Action item >>
When you reach the line containing "ETC Hardware/2(throttleBladeVelocity) ->" in the entries below, begin reproducing lines exactly, and stop once the line containing "Motor/1(motorTorque) -> ETC" is done.

Data >>
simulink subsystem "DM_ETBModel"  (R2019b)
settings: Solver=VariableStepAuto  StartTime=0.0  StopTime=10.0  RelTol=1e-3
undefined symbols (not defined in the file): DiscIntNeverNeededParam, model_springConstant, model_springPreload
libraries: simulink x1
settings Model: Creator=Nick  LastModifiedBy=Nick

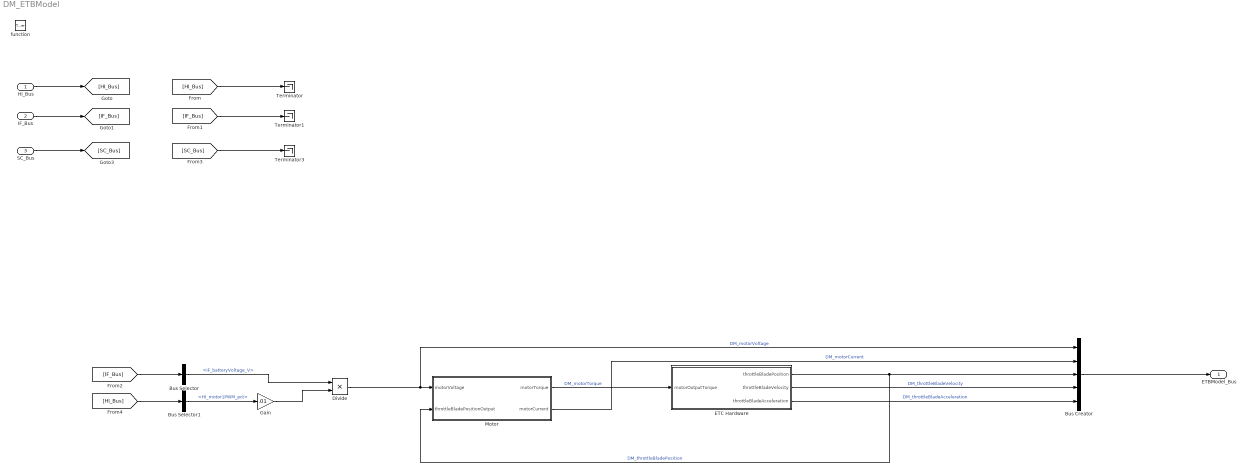
== system DM_ETBModel ==
  HI_Bus : Inport
  IF_Bus : Inport  Port=2
  SC_Bus : Inport  Port=3
  function : TriggerPort  TriggerType=function-call  VariantControl=Variant
  Bus Creator : BusCreator  Inputs=5
  Bus Selector : BusSelector  OutputSignals=AnalogInputFiltering_Bus.OnboardADCBus.IF_batteryVoltage_V
  Bus Selector1 : BusSelector  OutputSignals=VectorBoxBus.HI_motor1PWM_pct
  Divide : Product  Inputs=**
  ETC Hardware : Subsystem
  Gain : Gain  Gain=.01
  Motor : Subsystem
  Terminator : Terminator
  Terminator1 : Terminator
  Terminator3 : Terminator
  ETBModel_Bus : Outport
  wires:
  Gain/1 -> Divide/2
  Bus Selector1/1 -> Gain/1  "<HI_motor1PWM_pct>"
  [HI_Bus] -> Bus Selector1/1
  Bus Selector/1 -> Divide/1  "<IF_batteryVoltage_V>"
  ETC Hardware/3(throttleBladeAcceleration) -> Bus Creator/5  "DM_throttleBladeAcceleration"
  ETC Hardware/2(throttleBladeVelocity) -> Bus Creator/4  "DM_throttleBladeVelocity"
  ETC Hardware/1(throttleBladePosition) -> Bus Creator/3, Motor/2(throttleBladePositionOutput)  "DM_throttleBladePosition"
  Motor/1(motorTorque) -> ETC Hardware/1(motorOutputTorque)  "DM_motorTorque"
  Motor/2(motorCurrent) -> Bus Creator/2  "DM_motorCurrent"
  Divide/1 -> Motor/1(motorVoltage), Bus Creator/1  "DM_motorVoltage"
  [IF_Bus] -> Terminator1/1
  [HI_Bus] -> Terminator/1
  IF_Bus/1 -> [IF_Bus]
  HI_Bus/1 -> [HI_Bus]
  [SC_Bus] -> Terminator3/1
  SC_Bus/1 -> [SC_Bus]
  Bus Creator/1 -> ETBModel_Bus/1
  [IF_Bus] -> Bus Selector/1

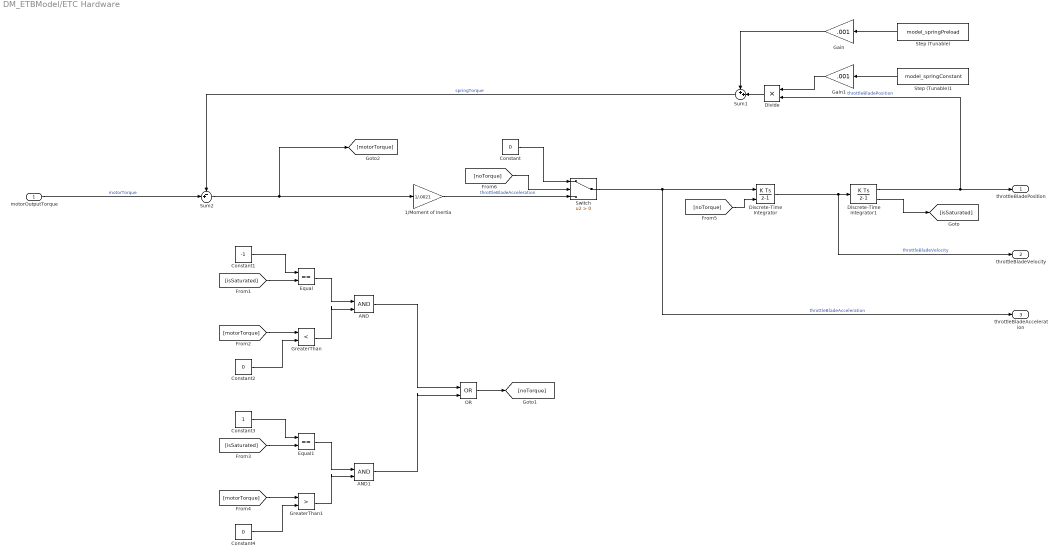
== system DM_ETBModel/ETC Hardware ==
  motorOutputTorque : Inport
  1/Moment of Inertia : Gain  Gain=1/.0021
  AND : Logic  IconShape=distinctive  AllPortsSameDT=off  OutDataTypeStr=boolean
  AND1 : Logic  IconShape=distinctive  AllPortsSameDT=off  OutDataTypeStr=boolean
  Constant : Constant  Value=0
  Constant1 : Constant  Value=-1
  Constant2 : Constant  Value=0
  Constant3 : Constant
  Constant4 : Constant  Value=0
  Discrete-Time Integrator : DiscreteIntegrator  ExternalReset=level  SampleTime=-1  ICPrevOutput=DiscIntNeverNeededParam  ICPrevScaledInput=DiscIntNeverNeededParam
  Discrete-Time Integrator1 : DiscreteIntegrator  SampleTime=-1  LimitOutput=on  UpperSaturationLimit=1.5708  LowerSaturationLimit=0  ShowSaturationPort=on  ICPrevOutput=DiscIntNeverNeededParam  ICPrevScaledInput=DiscIntNeverNeededParam
  Divide : Product  Inputs=**
  Equal : RelationalOperator  Operator===  OutDataTypeStr=boolean  RndMeth=Simplest
  Equal1 : RelationalOperator  Operator===  OutDataTypeStr=boolean  RndMeth=Simplest
  Gain : Gain  Gain=.001
  Gain1 : Gain  Gain=.001
  GreaterThan : RelationalOperator  Operator=<  OutDataTypeStr=boolean  RndMeth=Simplest
  GreaterThan1 : RelationalOperator  Operator=>  OutDataTypeStr=boolean  RndMeth=Simplest
  OR : Logic  Operator=OR  IconShape=distinctive  AllPortsSameDT=off  OutDataTypeStr=boolean
  Step (Tunable) : Constant  Value=model_springPreload  VectorParams1D=off  SampleTime=-1
  Step (Tunable)1 : Constant  Value=model_springConstant  VectorParams1D=off  SampleTime=-1
  Sum1 : Sum  Inputs=++|
  Sum2 : Sum  Inputs=-+|
  Switch : Switch  Criteria=u2 > Threshold
  throttleBladePosition : Outport
  throttleBladeVelocity : Outport  Port=2
  throttleBladeAcceleration : Outport  Port=3
  wires:
  Constant/1 -> Switch/1
  [noTorque] -> Switch/2
  1/Moment of Inertia/1 -> Switch/3  "throttleBladeAcceleration"
  [noTorque] -> Discrete-Time Integrator/2
  AND1/1 -> OR/2
  AND/1 -> OR/1
  GreaterThan1/1 -> AND1/2
  Equal1/1 -> AND1/1
  Constant3/1 -> Equal1/1
  [isSaturated] -> Equal1/2
  Constant4/1 -> GreaterThan1/2
  [motorTorque] -> GreaterThan1/1
  [motorTorque] -> GreaterThan/1
  Constant2/1 -> GreaterThan/2
  GreaterThan/1 -> AND/2
  [isSaturated] -> Equal/2
  OR/1 -> [noTorque]
  Discrete-Time Integrator1/2 -> [isSaturated]
  Equal/1 -> AND/1
  Constant1/1 -> Equal/1
  Sum2/1 -> [motorTorque], 1/Moment of Inertia/1
  Gain/1 -> Sum1/1
  Divide/1 -> Sum1/2
  Discrete-Time Integrator1/1 -> Divide/2, throttleBladePosition/1  "throttleBladePosition"
  Discrete-Time Integrator/1 -> Discrete-Time Integrator1/1, throttleBladeVelocity/1  "throttleBladeVelocity"
  Switch/1 -> throttleBladeAcceleration/1, Discrete-Time Integrator/1  "throttleBladeAcceleration"
  Sum1/1 -> Sum2/1  "springTorque"
  motorOutputTorque/1 -> Sum2/2  "motorTorque"
  Step (Tunable)/1 -> Gain/1
  Gain1/1 -> Divide/1
  Step (Tunable)1/1 -> Gain1/1

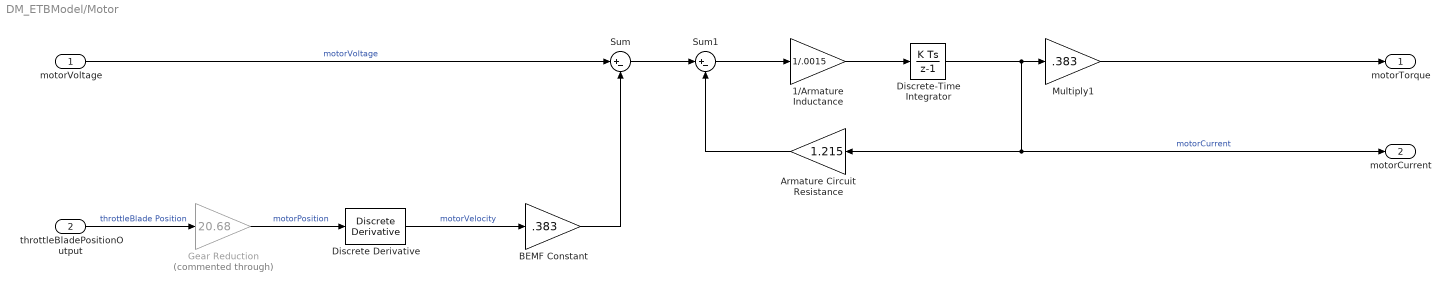
== system DM_ETBModel/Motor ==
  motorVoltage : Inport
  throttleBladePositionOutput : Inport  Port=2
  1/Armature Inductance : Gain  Gain=1/.0015
  Armature Circuit Resistance : Gain  Gain=1.215
  BEMF Constant : Gain  Gain=.383
  Discrete Derivative : simulink/Discrete/Discrete Derivative  gainval=1.0  ICPrevScaledInput=0.0  OutMin=[]  OutMax=[]  OutDataType=fixdt(1, 16)  OutScaling=2^-10  DoSatur=off
  Discrete-Time Integrator : DiscreteIntegrator  SampleTime=-1  ICPrevOutput=DiscIntNeverNeededParam  ICPrevScaledInput=DiscIntNeverNeededParam
  Gear Reduction : Gain  Commented=through  Gain=20.68
  Multiply1 : Gain  Gain=.383
  Sum : Sum  Inputs=|+-
  Sum1 : Sum  Inputs=|+-
  motorTorque : Outport
  motorCurrent : Outport  Port=2
  wires:
  Discrete Derivative/1 -> BEMF Constant/1  "motorVelocity"
  Gear Reduction/1 -> Discrete Derivative/1  "motorPosition"
  throttleBladePositionOutput/1 -> Gear Reduction/1  "throttleBlade Position"
  BEMF Constant/1 -> Sum/2
  Sum/1 -> Sum1/1
  1/Armature Inductance/1 -> Discrete-Time Integrator/1
  Sum1/1 -> 1/Armature Inductance/1
  Armature Circuit Resistance/1 -> Sum1/2
  motorVoltage/1 -> Sum/1  "motorVoltage"
  Multiply1/1 -> motorTorque/1
  Discrete-Time Integrator/1 -> Multiply1/1, motorCurrent/1, Armature Circuit Resistance/1  "motorCurrent"
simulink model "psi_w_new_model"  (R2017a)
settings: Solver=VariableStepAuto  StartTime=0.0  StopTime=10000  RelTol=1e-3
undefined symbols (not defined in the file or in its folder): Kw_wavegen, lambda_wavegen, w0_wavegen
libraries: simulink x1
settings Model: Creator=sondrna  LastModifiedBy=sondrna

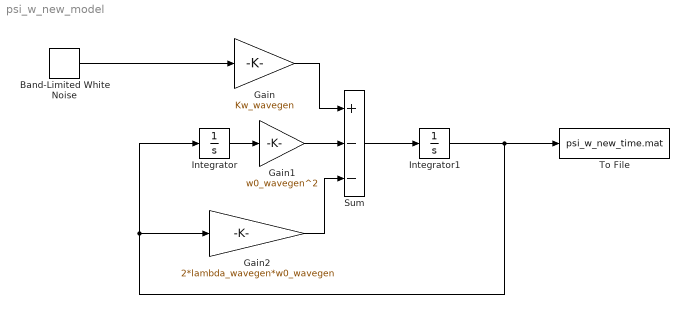
== system psi_w_new_model ==
  Band-Limited White Noise : simulink/Sources/Band-Limited White Noise  Cov=[1]  Ts=0.1  seed=[23341]
  Gain : Gain  Gain=Kw_wavegen
  Gain1 : Gain  Gain=w0_wavegen^2
  Gain2 : Gain  Gain=2*lambda_wavegen*w0_wavegen
  Integrator : Integrator
  Integrator1 : Integrator
  Sum : Sum  Inputs=+--
  To File : ToFile  Filename=psi_w_new_time.mat  MatrixName=psi_w
  wires:
  Integrator1/1 -> Gain2/1, Integrator/1, To File/1
  Sum/1 -> Integrator1/1
  Band-Limited White Noise/1 -> Gain/1
  Gain/1 -> Sum/1
  Integrator/1 -> Gain1/1
  Gain1/1 -> Sum/2
  Gain2/1 -> Sum/3
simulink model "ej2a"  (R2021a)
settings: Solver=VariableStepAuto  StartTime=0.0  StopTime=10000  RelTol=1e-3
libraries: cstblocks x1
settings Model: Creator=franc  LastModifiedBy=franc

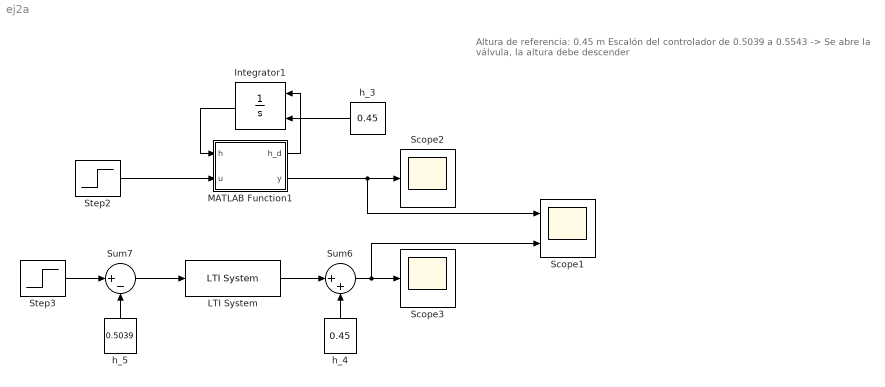
== system ej2a ==
  note: Altura de referencia: 0.45 m
      | Escalón del controlador de 0.5039 a 0.5543
      |
      | -> Se abre la válvula, la altura debe descender
  Integrator1 : Integrator  InitialConditionSource=external
  LTI System : cstblocks/LTI System  sys=planta  IC=[]
  MATLAB Function1 : MATLAB Function  TreatAsAtomicUnit=on
  Scope1 : Scope  NumInputPorts=2
  Scope2 : Scope
  Scope3 : Scope
  Step2 : Step  Before=0.5039  After=0.5543  SampleTime=0
  Step3 : Step  Before=0.5039  After=0.5543  SampleTime=0
  Sum6 : Sum  Inputs=|++
  Sum7 : Sum  Inputs=|+-
  h_3 : Constant  Value=0.45
  h_4 : Constant  Value=0.45
  h_5 : Constant  Value=0.5039
  wires:
  Sum6/1 -> Scope1/2, Scope3/1
  Step2/1 -> MATLAB Function1/2(u)
  h_3/1 -> Integrator1/2
  MATLAB Function1/2(y) -> Scope1/1, Scope2/1
  h_5/1 -> Sum7/2
  h_4/1 -> Sum6/2
  MATLAB Function1/1(h_d) -> Integrator1/1
  Integrator1/1 -> MATLAB Function1/1(h)
  Step3/1 -> Sum7/1
  Sum7/1 -> LTI System/1
  LTI System/1 -> Sum6/1

== matlab function ej2a/MATLAB Function1 ==
  data: h input; h_d output; u input; y output
function [h_d, y] = fcn(h, u)
    g = 9.8;        %En metros sobre segundo cuadrado
    H = 0.9;        %En metros
    L_s = 0.4;      %En metros
    L_i = 0.1;      %En metros
    Q_i = 0.0001333; %Metros cubicos por segundo
    d2 = 10.65e-3;
    A_o = pi * (d2 / 2)^2;

    h_d = (H^2 * (Q_i - A_o * sqrt(2*g*h)*u))/(h^2*(L_s-L_i)^2 + 2*h*L_i*(L_s-L_i)*H+L_i^2*H^2);
    y = h;
end

Response to the exercise >>
  ETC Hardware/2(throttleBladeVelocity) -> Bus Creator/4  "DM_throttleBladeVelocity"
  ETC Hardware/1(throttleBladePosition) -> Bus Creator/3, Motor/2(throttleBladePositionOutput)  "DM_throttleBladePosition"
  Motor/1(motorTorque) -> ETC Hardware/1(motorOutputTorque)  "DM_motorTorque"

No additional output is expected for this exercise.